* EXERCISE OBJECTIVE: Exactly the line with "#98=ADVANCED_FACE('F56',(#94,#97),#91,.F.);" and the lines that follow it, through the closing line of the entries, should be restated, with nothing left out or added.

* RECORDS TO PROCESS:
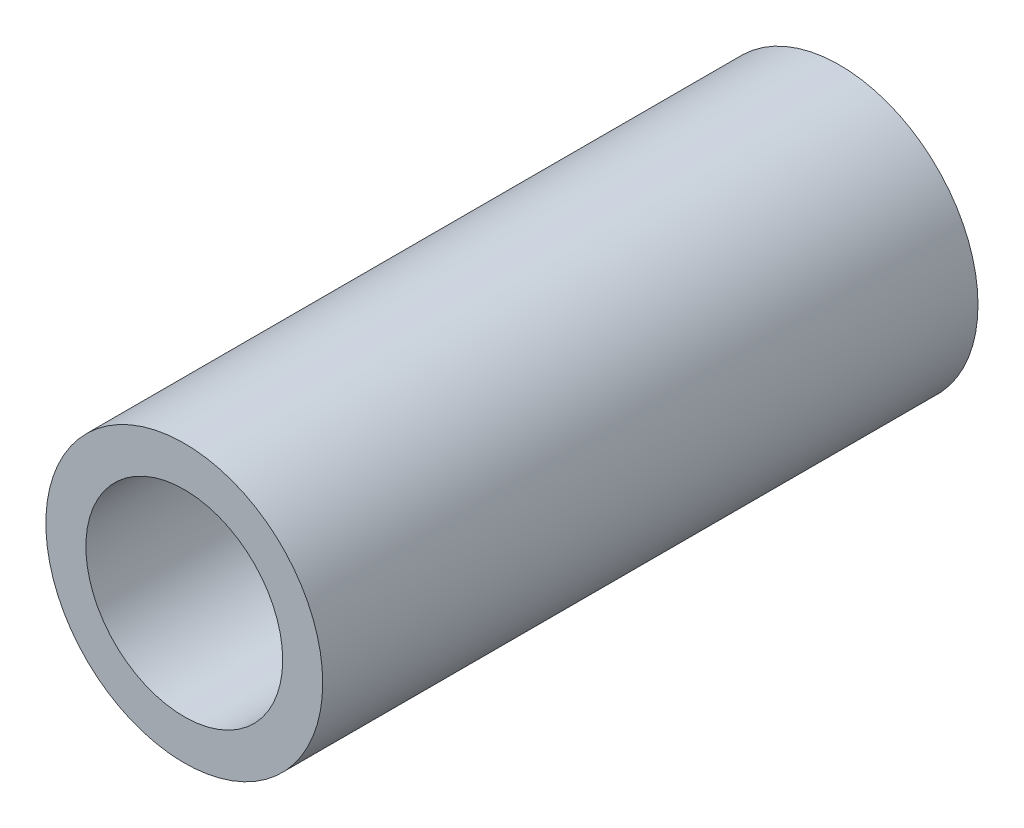
ISO-10303-21;
HEADER;
FILE_DESCRIPTION(('STEP AP214'),'2;1');
FILE_NAME('part.step','',(''),(''),'','','');
FILE_SCHEMA(('AUTOMOTIVE_DESIGN { 1 0 10303 214 1 1 1 1 }'));
ENDSEC;
DATA;
#1=APPLICATION_CONTEXT('core data for automotive mechanical design processes');
#2=APPLICATION_PROTOCOL_DEFINITION('international standard','automotive_design',2000,#1);
#3=PRODUCT_CONTEXT('',#1,'mechanical');
#4=PRODUCT('Part','Part','',(#3));
#5=PRODUCT_RELATED_PRODUCT_CATEGORY('part','',(#4));
#6=PRODUCT_DEFINITION_FORMATION('','',#4);
#7=PRODUCT_DEFINITION_CONTEXT('part definition',#1,'design');
#8=PRODUCT_DEFINITION('design','',#6,#7);
#9=PRODUCT_DEFINITION_SHAPE('','',#8);
#10=(LENGTH_UNIT() NAMED_UNIT(*) SI_UNIT(.MILLI.,.METRE.));
#11=(NAMED_UNIT(*) PLANE_ANGLE_UNIT() SI_UNIT($,.RADIAN.));
#12=(NAMED_UNIT(*) SI_UNIT($,.STERADIAN.) SOLID_ANGLE_UNIT());
#13=UNCERTAINTY_MEASURE_WITH_UNIT(LENGTH_MEASURE(1.E-05),#10,'distance_accuracy_value','');
#14=(GEOMETRIC_REPRESENTATION_CONTEXT(3) GLOBAL_UNCERTAINTY_ASSIGNED_CONTEXT((#13)) GLOBAL_UNIT_ASSIGNED_CONTEXT((#10,
#11,#12)) REPRESENTATION_CONTEXT('',''));
#15=CARTESIAN_POINT('',(0.,0.,0.));
#16=DIRECTION('',(0.,0.,1.));
#17=DIRECTION('',(1.,0.,0.));
#18=AXIS2_PLACEMENT_3D('',#15,#16,#17);
#19=CARTESIAN_POINT('',(0.,0.,68.58));
#20=DIRECTION('',(0.,0.,1.));
#21=DIRECTION('',(1.,0.,0.));
#22=AXIS2_PLACEMENT_3D('',#19,#20,#21);
#23=PLANE('',#22);
#24=CARTESIAN_POINT('',(0.,0.,68.58));
#25=DIRECTION('',(0.,0.,1.));
#26=DIRECTION('',(1.,0.,0.));
#27=AXIS2_PLACEMENT_3D('',#24,#25,#26);
#28=CIRCLE('',#27,14.487499954);
#29=CARTESIAN_POINT('',(14.487499954,0.,68.58));
#30=VERTEX_POINT('',#29);
#31=EDGE_CURVE('E10',#30,#30,#28,.T.);
#32=ORIENTED_EDGE('',*,*,#31,.T.);
#33=EDGE_LOOP('',(#32));
#34=FACE_BOUND('',#33,.T.);
#35=CARTESIAN_POINT('',(0.,0.,68.58));
#36=DIRECTION('',(0.,0.,1.));
#37=DIRECTION('',(1.,0.,0.));
#38=AXIS2_PLACEMENT_3D('',#35,#36,#37);
#39=CIRCLE('',#38,10.299999974);
#40=CARTESIAN_POINT('',(10.299999974,0.,68.58));
#41=VERTEX_POINT('',#40);
#42=EDGE_CURVE('E48',#41,#41,#39,.T.);
#43=ORIENTED_EDGE('',*,*,#42,.F.);
#44=EDGE_LOOP('',(#43));
#45=FACE_BOUND('',#44,.T.);
#46=ADVANCED_FACE('F37',(#34,#45),#23,.T.);
#47=CARTESIAN_POINT('',(0.,0.,0.));
#48=DIRECTION('',(0.,0.,1.));
#49=DIRECTION('',(1.,0.,0.));
#50=AXIS2_PLACEMENT_3D('',#47,#48,#49);
#51=PLANE('',#50);
#52=CARTESIAN_POINT('',(0.,0.,0.));
#53=DIRECTION('',(0.,0.,1.));
#54=DIRECTION('',(1.,0.,0.));
#55=AXIS2_PLACEMENT_3D('',#52,#53,#54);
#56=CIRCLE('',#55,14.487499954);
#57=CARTESIAN_POINT('',(14.487499954,0.,0.));
#58=VERTEX_POINT('',#57);
#59=EDGE_CURVE('E41',#58,#58,#56,.T.);
#60=ORIENTED_EDGE('',*,*,#59,.F.);
#61=EDGE_LOOP('',(#60));
#62=FACE_BOUND('',#61,.T.);
#63=CARTESIAN_POINT('',(0.,0.,0.));
#64=DIRECTION('',(0.,0.,1.));
#65=DIRECTION('',(1.,0.,0.));
#66=AXIS2_PLACEMENT_3D('',#63,#64,#65);
#67=CIRCLE('',#66,10.299999974);
#68=CARTESIAN_POINT('',(10.299999974,0.,0.));
#69=VERTEX_POINT('',#68);
#70=EDGE_CURVE('E50',#69,#69,#67,.T.);
#71=ORIENTED_EDGE('',*,*,#70,.T.);
#72=EDGE_LOOP('',(#71));
#73=FACE_BOUND('',#72,.T.);
#74=ADVANCED_FACE('F60',(#62,#73),#51,.F.);
#75=CARTESIAN_POINT('',(0.,0.,68.58));
#76=DIRECTION('',(0.,0.,-1.));
#77=DIRECTION('',(-1.,0.,0.));
#78=AXIS2_PLACEMENT_3D('',#75,#76,#77);
#79=CYLINDRICAL_SURFACE('',#78,14.487499954);
#80=ORIENTED_EDGE('',*,*,#31,.F.);
#81=EDGE_LOOP('',(#80));
#82=FACE_BOUND('',#81,.T.);
#83=ORIENTED_EDGE('',*,*,#59,.T.);
#84=EDGE_LOOP('',(#83));
#85=FACE_BOUND('',#84,.T.);
#86=ADVANCED_FACE('F39',(#82,#85),#79,.T.);
#87=CARTESIAN_POINT('',(0.,0.,68.58));
#88=DIRECTION('',(0.,0.,-1.));
#89=DIRECTION('',(-1.,0.,0.));
#90=AXIS2_PLACEMENT_3D('',#87,#88,#89);
#91=CYLINDRICAL_SURFACE('',#90,10.299999974);
#92=ORIENTED_EDGE('',*,*,#42,.T.);
#93=EDGE_LOOP('',(#92));
#94=FACE_BOUND('',#93,.T.);
#95=ORIENTED_EDGE('',*,*,#70,.F.);
#96=EDGE_LOOP('',(#95));
#97=FACE_BOUND('',#96,.T.);
#98=ADVANCED_FACE('F56',(#94,#97),#91,.F.);
#99=CLOSED_SHELL('',(#46,#74,#86,#98));
#100=MANIFOLD_SOLID_BREP('B2',#99);
#101=ADVANCED_BREP_SHAPE_REPRESENTATION('',(#18,#100),#14);
#102=SHAPE_DEFINITION_REPRESENTATION(#9,#101);
ENDSEC;
END-ISO-10303-21;

* TASK RESULT:
#98=ADVANCED_FACE('F56',(#94,#97),#91,.F.);
#99=CLOSED_SHELL('',(#46,#74,#86,#98));
#100=MANIFOLD_SOLID_BREP('B2',#99);
#101=ADVANCED_BREP_SHAPE_REPRESENTATION('',(#18,#100),#14);
#102=SHAPE_DEFINITION_REPRESENTATION(#9,#101);
ENDSEC;
END-ISO-10303-21;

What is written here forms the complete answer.